My solution: Firts, we require that $ \frac{p}{n} $ is an integr, so either $ n=1$ or $p$. In any case, $ p + 1 = a^2 $ for some natural $a$. But then $ p = (a-1)(a+1)$ so $ a - 1 = 1 $. Hence $ a = 2 $ so the only solution is $ n,p = 1,3$ and $ 3,3$.

I think the question should be: fprosk wrote: Find all pairs of natural numbers n and prime numbers p such that $\sqrt{n+\frac{p}{n}}$ is a rational number. Because the original one is so easy for a TST!

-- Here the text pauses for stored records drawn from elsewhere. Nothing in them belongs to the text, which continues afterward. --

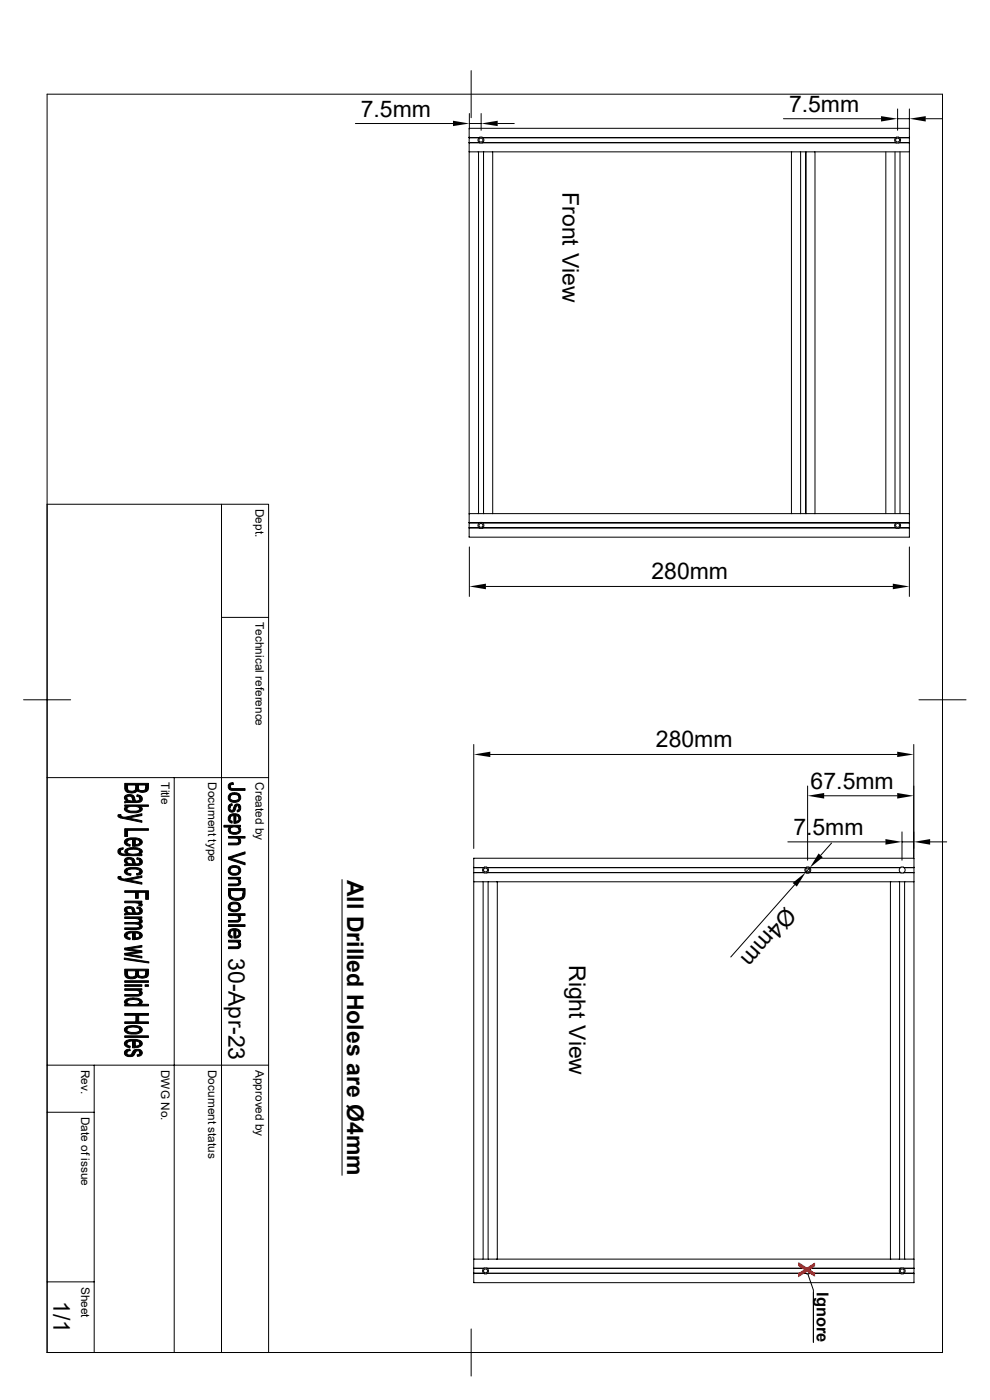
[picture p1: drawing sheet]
<svg xmlns="http://www.w3.org/2000/svg" width="210mm" height="297mm" viewBox="0 0 210 297" stroke-linecap="round" stroke-linejoin="round" font-family="sans-serif">
<g fill="none" stroke="#000" stroke-width=".21">
<path d="M10 20h189.9v266.9h-189.9zM99.9 15v10M75.4 26.2h20.7M99.5 32.2h3.1v76.8v-76.8h65.3M99.6 24.1v3M99.6 26.2h2.5M101.5 32.2v76.8zM101.6 30.3h89.2M101.6 29.2h.1M101.6 30.2h.1M101.6 29.2l-.2 .5 .2 .5M101.6 29.2h-2.1v-2h93.4v2h-2.1"/>
<path d="M101.6 30.3h-2.1v80.6h2.1M101.6 29.2h-2.1v1.1h2.1M101.8 29.1h.4M101.8 29.1l-.2 .1M102.1 24.1v3.5M102.2 29.1l.2 .1h87.6l.2-.1M102.4 29.2h.1M102.4 30.2h.1M102.4 29.2l.3 .5-.3 .5M104.5 32.2v76.8M105.6 26.2h3.5M166.2 25.2h20.7"/>
<path d="M167.9 32.2h3v76.8v-76.8h2M167.9 32.2v76.8M169.8 32.2v76.8zM172.9 32.2h20M172.9 32.2v76.8M187.9 32.2v76.8M189.9 32.2v76.8zM190 29.2h.1M190 30.2h.1M190 29.2l-.2 .5 .2 .5M190.2 29.1h.4M190.4 23.1v4.5"/>
<path d="M190.4 25.2h2.5M190.6 29.1l.2 .1M190.8 29.2h.1M190.8 30.2h.1M190.8 29.2l.3 .5-.3 .5M190.8 30.3h2.1v80.6h-2.1M190.8 29.2h2.1v1.1h-2.1M190.9 32.2v76.8zM192.9 23.1v4M196.4 25.2h3.5M10 107h47v179.9h-47M47 107v179.9"/>
<path d="M99.6 116v10.5M101.6 112l.2 .1M101.6 111h.1M101.6 112h.1M101.6 111l-.2 .5 .2 .5M101.6 112h-2.1v2h93.4v-2h-2.1M101.6 110.9h-2.1v1.1h2.1M101.8 110.9h.4M101.8 112.1h.4M101.8 110.8l-.2 .1M102.2 110.8h88M102.4 111h.1"/>
<path d="M102.4 112h.1M102.4 111l.3 .5-.3 .5M167.9 109h5M167.9 109h-68.4M172.9 109h20M190 111h.1M190 112h.1M190 111l-.2 .5 .2 .5M190.2 112.1h.4M190.2 110.9h.4M190.2 112.1l-.2-.1h-87.6l-.2 .1M190.6 110.8l.2 .1"/>
<path d="M190.8 112l-.2 .1M190.8 111h.1M190.8 112h.1M190.8 111l.3 .5-.3 .5M190.8 110.9h2.1v1.1h-2.1M192.9 116v10.5M47 131h10M103.1 124.4h86.3M5 148.5h10M100.5 157.9v22.1M193.8 157.9v24M194.9 148.5h10"/>
<path d="M10 165h47M37 165v121.9M104 160.1h86.3M167.1 178.6h20.7M171.3 166.8v15.7M174.8 168.8h15.5M176.4 178.9l-2.3 2.6M191.3 176.5v6M191.3 178.6h2.5M197.3 178.6h3.5M72.6 186.6v62.7M100.5 185.1v84"/>
<path d="M100.5 184.1v-2h93.4v2M100.5 185.1l2.3 .1M100.5 184.1v1M100.5 184.1h2.1M102.5 187.1v80zM102.6 184.1h.1M102.6 185.1h.1M102.6 184.1l-.2 .5 .2 .5M102.8 183.9l-.2 .2M102.8 184h.4M102.8 185.2h.4M103.2 183.9l.2 .2"/>
<path d="M103.2 185.2h68M103.4 184.1h.1M103.4 185.1h.1M103.4 184.1l.2 .5-.2 .5M103.4 184.1h67.6l-.3 .5 .3 .5M103.5 187.1v80zM105.5 187.1v80M168.6 187.7l-13.6 15.3M171 184.1h.1M171 185.1h.1M171.2 184h.4M171.2 183.9l-.2 .2h-67.6"/>
<path d="M171.2 185.2h.4M171.6 185.2h19.6M171.6 183.9l.1 .2h19.3M171.7 184.1h.1M171.7 185.1h.1M171.7 184.1a.65 .65 0 0 1 .1 .9 .65 .65 0 0 1-.9 0M188.9 187.1v80M190.8 187.1v80zM191 184.1h-19.2l-.9 1M191 185.1h.1M191 184.1h.1M191 184.1l-.2 .5 .2 .5"/>
<path d="M191.2 185.2h.4M191.2 184h.4M191.2 183.9l-.2 .2M191.6 183.9l.2 .2h2.1M191.8 185.1l-.2 .1M191.8 185.1h.1M191.8 184.1h.1M191.8 185.1h2.1v84M191.9 187.1v80zM193.9 185.1h.1M193.9 184.1h-2.1l.2 .5-.2 .5M193.9 184.1v1h-2.1"/>
<path d="M193.9 187.1h-93.4M10 236h10M10 226h47M20 226v60.9M10 271.9h10M100.5 270.1v2h93.4v-2h-2.1M100.5 269.1h2.1M100.5 270.1h2.1M100.5 269.1v1M102.6 269.1h.1M102.6 270.1h.1M102.6 269.1l-.2 .5 .2 .5"/>
<path d="M102.6 270.1l.2 .2M102.8 269l-.2 .1M102.8 269h.4M102.8 270.2h.4M103.2 269l.2 .1M103.4 269.1h.1M103.4 270.1h.1M103.4 269.1l.2 .5-.2 .5M103.4 269.1h67.6l-.3 .5 .3 .5M171 269.1h.1M171 270.1h.1M171 270.1h-67.6l-.2 .2"/>
<path d="M171 270.1l.2 .2M171.2 269h.4M171.2 269l-67.8 .1M171.2 270.2h.4M171.4 270.3l1.2 3.4v11M171.6 269l19.4 .1M171.7 269.1h.1M171.7 270.1h.1M171.7 270.1h19.3l.2 .2M171.7 269.1l.3 .5-.3 .5M171.7 270.1l-.1 .2M171.8 269.1h19.2"/>
<path d="M172.6 274.2v10.6M191 270.1h.1M191 269.1h.1M191 269.1l-.2 .5 .2 .5M191.2 270.2h.4M191.2 269h.4M191.2 269l-.2 .1M191.6 269l2.3 .1M191.8 270.1l-.2 .2M191.8 270.1h.1M191.8 269.1h.1M193.9 270.1h.1"/>
<path d="M193.9 269.1h-2.1l.2 .5-.2 .5M193.9 269.1v1h-2.1M193.9 267.1h-93.4M99.9 281.9v10"/>
<circle cx="102" cy="29.7" r=".43"/>
<circle cx="190.4" cy="29.7" r=".43"/>
<circle cx="102" cy="111.5" r=".43"/>
<circle cx="190.4" cy="111.5" r=".43"/>
<circle cx="103" cy="184.6" r=".43"/>
<circle cx="171.4" cy="184.6" r=".43"/>
<circle cx="103" cy="269.6" r=".43"/>
<circle cx="191.4" cy="269.6" r=".43"/>
</g>
<g fill="#000" stroke="#000" stroke-width=".21">
<path d="M25.1 172.8h.6l-.1 .7-.6-.3z" fill-rule="evenodd"/>
<path d="M25.5 180l.7-.1-.1 .3-.4 .1-.2 .3z" fill-rule="evenodd"/>
<path d="M26.9 169.3v.6z" fill-rule="evenodd"/>
<path d="M26.8 171.1l.1 .5z" fill-rule="evenodd"/>
<path d="M26.5 178.2l.4-.2v.8l.7 .4v.3a.96 .96 0 0 1-1.1-1.1z" fill-rule="evenodd"/>
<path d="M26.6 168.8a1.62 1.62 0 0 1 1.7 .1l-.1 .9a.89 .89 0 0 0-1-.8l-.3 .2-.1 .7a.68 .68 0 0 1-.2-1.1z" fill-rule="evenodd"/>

Let $\sqrt{n+\frac{p}{n}}=\frac{a}{b}$ or $\frac{n^2+p}{n}=\frac{a^2}{b^2}$ Let $(n^2+p,n)=d$ $\Leftrightarrow d \mid n$ and $d\mid n^2+p\Rightarrow d\mid p$ hence $d=1$ or $d=p$ If $d=1$ then $n=b^2$ and $n^2+p=a^2\Leftrightarrow p=(a-n)(a+n)\Rightarrow p=2n+1$ Therefore $(n,p)=(b^2,2b^2+1)$ If $d=p$ then $n^2+p=pa^2\Leftrightarrow n^2=p(a^2-1)$ yielding $p$ is a perfect square (a contradiction) or $p=a^2-1=(a-1)(a+1)$ hence $n=p=3$ In conclusion, $(n,p)=(k^2,2k^2+1);(3,3)$

$ \sqrt{n^3+pn}$ is integer $n^3+pn=a^2$ $d=(n,a)$ $d^2 |a^2-n^3=pn$ Case 1: $d|p \to d=1,p$ $d=1$ and $n |a^2 \to n=1$ $p+1=a^2 \to p=3,a=2$ $d=p$ $n=pn_1,a=pa_1$ $pn_1^3+n_1=a_1^2$ $n_1 |a_1^2$ and $(a_1,n_1)=1 \to n_1=1$ $n=p$ $p^3+p^2=p^2a_1^2$ $p=a_1^2-1 \to p=3,a_1=2,n=3,a=6$ Case 2: $(d,p)=1, d \neq 1$ $d^2 |pn \to d^2| n$ $n=d^2n_1,a=da_1, (n_1,a_1)=1$ $d^6 n_1^3+pd^2n_1=d^2a_1^2$ $(d^4n_1^2+p)n_1=a_1^2$ $n_1 |a_1^2 \to n_1=1 \to n=d^2$ $d^4+p=a_1^2$ $p=(a_1-d^2)(a_1+d^2)$ $a_1=d^2+1,p=2d^2+1, a=d(d^2+1)$ If $d \neq 0$ mod $3$ , than $2d^2+1 \equiv 0$ (mod 3) , so $p$ is not prime (except $d=1$) $d=3k$ $n=9k^2,p=18k^2+1$ I think there are many such $k$ that $18k^2+1$ is prime. Answer: $(1,3),(3,3),(9k^2,18k^2+1)$ where $18k^2+1 $ is prime.

$n\mid p,\;n\in\{1,p\}$ since $\frac{n^2+p}{n} = a^2,\; a\in\mathbb{N}^+,\;p\in\mathbb{P}$. So $p+1=\frac{n^2+p}{n}=a^2,\;p = (a-1)(a+1)\in\mathbb{P}\implies p = 3$ Consequently, $(1,3),(3,3)$ are the complete solutions $(n,p)$.